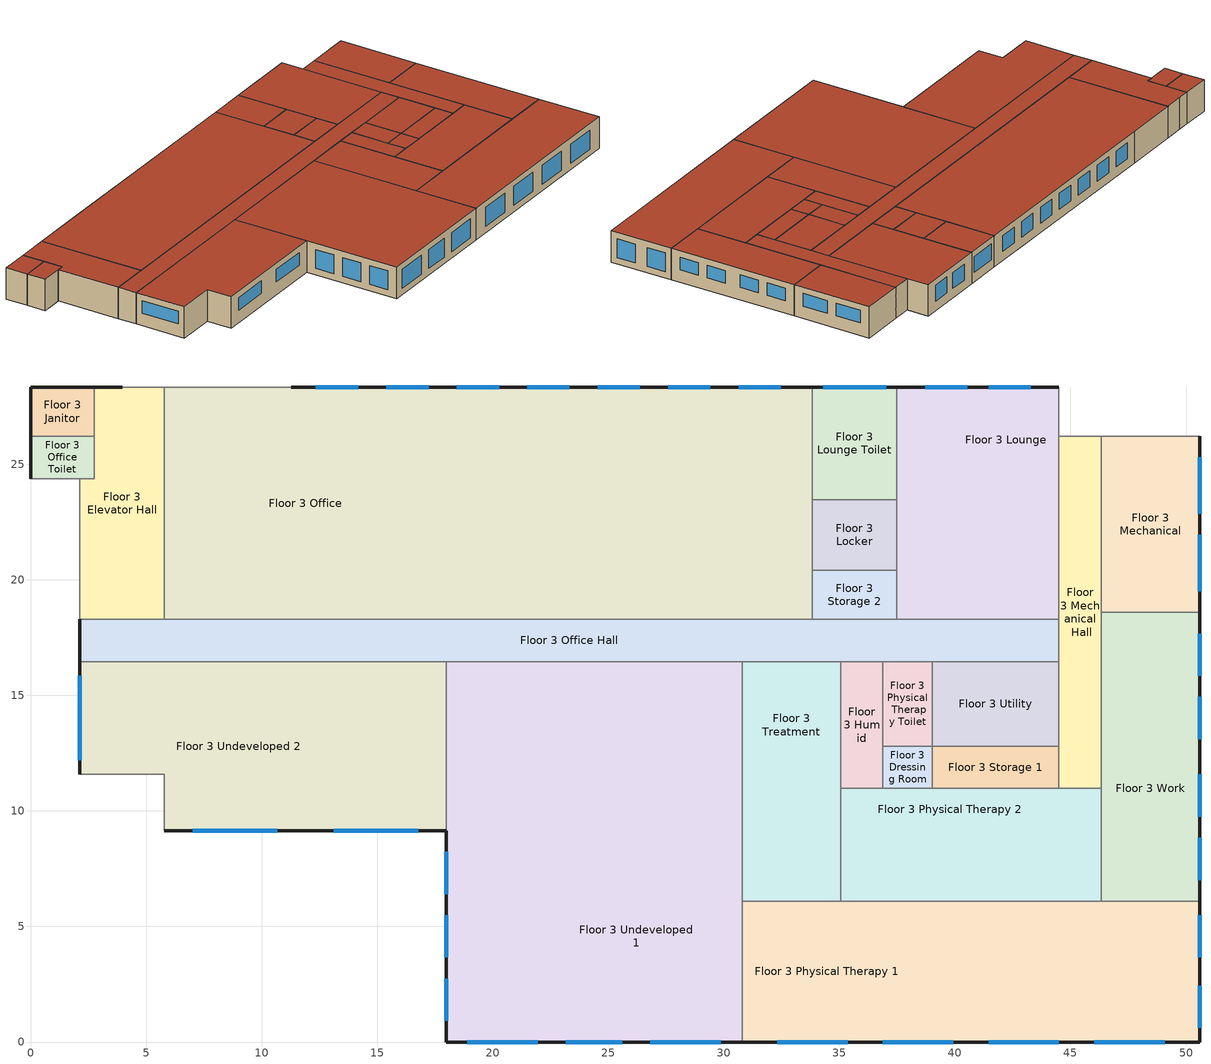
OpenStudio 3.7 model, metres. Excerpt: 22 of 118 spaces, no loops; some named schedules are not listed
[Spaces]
Floor 3 Work
 floor to Floor 2 Utility: 50.6,18.59 50.6,15.85 46.33,15.85 46.33,18.59 z6.1
 floor to Floor 2 Office: 50.6,15.85 50.6,6.1 46.33,6.1 46.33,15.85 z6.1
 wall outside: 50.6,6.1 50.6,18.59 z6.1:9.14
 wall to Floor 3 Physical Therapy 2: 46.33,10.97 46.33,6.1 z6.1:9.14
 wall to Floor 3 Mechanical: 50.6,18.59 46.33,18.59 z6.1:9.14
 wall to Floor 3 Physical Therapy 1: 46.33,6.1 50.6,6.1 z6.1:9.14
 wall to Floor 3 Mechanical Hall: 46.33,18.59 46.33,10.97 z6.1:9.14
 window: 50.6,13.11 50.6,14.94 / 50.6,15.85 50.6,17.68 / 50.6,7.01 50.6,8.84 / 50.6,9.75 50.6,11.58 z7.32:8.53
 roof outside: 50.6,6.1 50.6,18.59 46.33,18.59 46.33,6.1 z9.14
Floor 3 Dressing Room
 floor to Floor 2 X-Ray: 39.01,12.8 39.01,10.97 36.88,10.97 36.88,12.8 z6.1
 wall to Floor 3 Storage 1: 39.01,10.97 39.01,12.8 z6.1:9.14
 wall to Floor 3 Physical Therapy 2: 36.88,10.97 39.01,10.97 z6.1:9.14
 wall to Floor 3 Physical Therapy Toilet: 39.01,12.8 36.88,12.8 z6.1:9.14
 wall to Floor 3 Humid: 36.88,12.8 36.88,10.97 z6.1:9.14
 roof outside: 39.01,10.97 39.01,12.8 36.88,12.8 36.88,10.97 z9.14
Floor 3 Physical Therapy Toilet
 floor to Floor 2 X-Ray: 39.01,16.46 39.01,12.8 36.88,12.8 36.88,16.46 z6.1
 wall to Floor 3 Office Hall: 39.01,16.46 36.88,16.46 z6.1:9.14
 wall to Floor 3 Utility: 39.01,12.8 39.01,16.46 z6.1:9.14
 wall to Floor 3 Humid: 36.88,16.46 36.88,12.8 z6.1:9.14
 roof outside: 39.01,12.8 39.01,16.46 36.88,16.46 36.88,12.8 z9.14
Floor 3 Lounge
 floor to Floor 2 Storage 2: 44.5,23.77 44.5,21.34 39.93,21.34 39.93,23.77 z6.1
 floor to Floor 2 Exam 6: 44.5,28.35 44.5,23.77 39.93,23.77 39.93,28.35 z6.1
 floor to Floor 2 Exam Hall 4: 39.93,28.35 39.93,18.29 38.1,18.29 38.1,28.35 z6.1
 floor to Floor 2 Exam 7: 38.1,28.35 38.1,18.29 37.49,18.29 37.49,28.35 z6.1
 floor to Floor 2 Nurse Station 1: 44.5,21.34 44.5,18.29 39.93,18.29 39.93,21.34 z6.1
 wall outside: 44.5,28.35 37.49,28.35 z6.1:9.14
 wall to Floor 3 Lounge Toilet: 37.49,28.35 37.49,23.47 z6.1:9.14
 wall to NE Stair: 44.5,26.21 44.5,28.35 z6.1:9.14
 wall to Floor 3 Office Hall: 37.49,18.29 44.5,18.29 z6.1:9.14
 wall to Floor 3 Locker: 37.49,23.47 37.49,20.42 z6.1:9.14
 wall to Floor 3 Storage 2: 37.49,20.42 37.49,18.29 z6.1:9.14
 wall to Floor 3 Mechanical Hall: 44.5,18.29 44.5,26.21 z6.1:9.14
 window: 40.54,28.35 38.71,28.35 / 43.28,28.35 41.45,28.35 z7.01:8.53
 roof outside: 44.5,18.29 44.5,28.35 37.49,28.35 37.49,18.29 z9.14
Floor 3 Elevator Hall
 floor to Floor 2 Work: 5.79,28.35 5.79,18.29 2.13,18.29 2.13,24.38 2.74,24.38 2.74,28.35 z6.1
 wall outside: 3.96,28.35 2.74,28.35 z6.1:9.14
 wall to NW Elevator: 2.13,24.38 2.13,18.29 z6.1:9.14
 wall to Floor 3 Office: 5.79,18.29 5.79,28.35 z6.1:9.14
 wall to Floor 3 Office Toilet: 2.74,26.21 2.74,24.38 2.13,24.38 z6.1:9.14
 wall to Floor 3 Office Hall: 2.13,18.29 5.79,18.29 z6.1:9.14
 wall to Floor 3 Janitor: 2.74,28.35 2.74,26.21 z6.1:9.14
 wall to NW Stair: 5.79,28.35 3.96,28.35 z6.1:9.14
 roof outside: 5.79,18.29 5.79,28.35 2.74,28.35 2.74,24.38 2.13,24.38 2.13,18.29 z9.14
Floor 3 Physical Therapy 2
 floor to Floor 2 Exam Hall 3: 39.93,9.14 39.93,6.1 38.1,6.1 38.1,9.14 z6.1
 floor to Floor 2 Lounge: 44.5,9.14 44.5,6.1 42.06,6.1 42.06,9.14 z6.1
 floor to Floor 2 Dictation: 42.06,9.14 42.06,6.1 39.93,6.1 39.93,9.14 z6.1
 floor to Floor 2 Exam 3: 38.1,9.14 38.1,6.1 35.05,6.1 35.05,9.14 z6.1
 floor to Floor 2 Office Hall: 46.33,10.97 46.33,6.1 44.5,6.1 44.5,10.97 z6.1
 floor to Floor 2 Reception Hall: 44.5,10.97 44.5,9.14 35.05,9.14 35.05,10.97 z6.1
 wall to Floor 3 Physical Therapy 1: 35.05,6.1 46.33,6.1 z6.1:9.14
 wall to Floor 3 Mechanical Hall: 46.33,10.97 44.5,10.97 z6.1:9.14
 wall to Floor 3 Treatment: 35.05,10.97 35.05,6.1 z6.1:9.14
 wall to Floor 3 Storage 1: 44.5,10.97 39.01,10.97 z6.1:9.14
 wall to Floor 3 Humid: 36.88,10.97 35.05,10.97 z6.1:9.14
 roof outside: 46.33,6.1 46.33,10.97 35.05,10.97 35.05,6.1 z9.14
Floor 3 Office
 floor to Floor 2 Storage 3: 28.96,23.77 28.96,21.34 23.47,21.34 23.47,23.77 z6.1
 floor to Floor 2 Exam 8: 28.96,28.35 28.96,23.77 23.47,23.77 23.47,28.35 z6.1
 floor to Floor 2 Exam Hall 5: 30.78,28.35 30.78,18.29 28.96,18.29 28.96,28.35 z6.1
 floor to Floor 2 Exam 9: 21.64,28.35 21.64,18.29 17.98,18.29 17.98,28.35 z6.1
 floor to Floor 2 Work: 17.98,28.35 17.98,18.29 5.79,18.29 5.79,28.35 z6.1
 floor to Floor 2 Exam Hall 6: 23.47,28.35 23.47,18.29 21.64,18.29 21.64,28.35 z6.1
 floor to Floor 2 Nurse Station 2: 28.96,21.34 28.96,18.29 23.47,18.29 23.47,21.34 z6.1
 floor to Floor 2 Exam 7: 33.83,28.35 33.83,18.29 30.78,18.29 30.78,28.35 z6.1
 wall outside: 33.83,28.35 11.28,28.35 z6.1:9.14
 wall to Floor 3 Office Hall: 5.79,18.29 33.83,18.29 z6.1:9.14
 wall to Floor 3 Locker: 33.83,20.42 33.83,23.47 z6.1:9.14
 wall to Floor 3 Storage 2: 33.83,18.29 33.83,20.42 z6.1:9.14
 wall to NW Stair: 11.28,28.35 5.79,28.35 z6.1:9.14
 wall to Floor 3 Lounge Toilet: 33.83,23.47 33.83,28.35 z6.1:9.14
 window: 26.37,28.35 24.54,28.35 / 17.22,28.35 15.39,28.35 / 23.32,28.35 21.49,28.35 / 14.17,28.35 12.34,28.35 / 32.46,28.35 30.63,28.35 / 29.41,28.35 27.58,28.35 / 20.27,28.35 18.44,28.35 z7.01:8.53
 roof outside: 33.83,18.29 33.83,28.35 5.79,28.35 5.79,18.29 z9.14
Floor 3 Storage 1
 floor to Floor 2 Scheduling 1: 44.5,12.8 44.5,10.97 39.01,10.97 39.01,12.8 z6.1
 wall to Floor 3 Mechanical Hall: 44.5,10.97 44.5,12.8 z6.1:9.14
 wall to Floor 3 Utility: 44.5,12.8 39.01,12.8 z6.1:9.14
 roof outside: 44.5,10.97 44.5,12.8 39.01,12.8 39.01,10.97 z9.14
Floor 3 Utility
 floor to Floor 2 Scheduling 1: 44.5,16.46 44.5,12.8 39.01,12.8 39.01,16.46 z6.1
 wall to Floor 3 Mechanical Hall: 44.5,12.8 44.5,16.46 z6.1:9.14
 wall to Floor 3 Office Hall: 44.5,16.46 39.01,16.46 z6.1:9.14
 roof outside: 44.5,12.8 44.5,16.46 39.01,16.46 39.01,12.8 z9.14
============================================================
● Assignment:
Nothing but the lines from the beginning of the material above through the line containing "wall to Floor 3 Physical Therapy 1: 46.33,6.1" should appear in the answer, copied exactly and free of pictures.

● Exercise response:
OpenStudio 3.7 model, metres. Excerpt: 22 of 118 spaces, no loops; some named schedules are not listed
[Spaces]
Floor 3 Work
 floor to Floor 2 Utility: 50.6,18.59 50.6,15.85 46.33,15.85 46.33,18.59 z6.1
 floor to Floor 2 Office: 50.6,15.85 50.6,6.1 46.33,6.1 46.33,15.85 z6.1
 wall outside: 50.6,6.1 50.6,18.59 z6.1:9.14
 wall to Floor 3 Physical Therapy 2: 46.33,10.97 46.33,6.1 z6.1:9.14
 wall to Floor 3 Mechanical: 50.6,18.59 46.33,18.59 z6.1:9.14
 wall to Floor 3 Physical Therapy 1: 46.33,6.1 50.6,6.1 z6.1:9.14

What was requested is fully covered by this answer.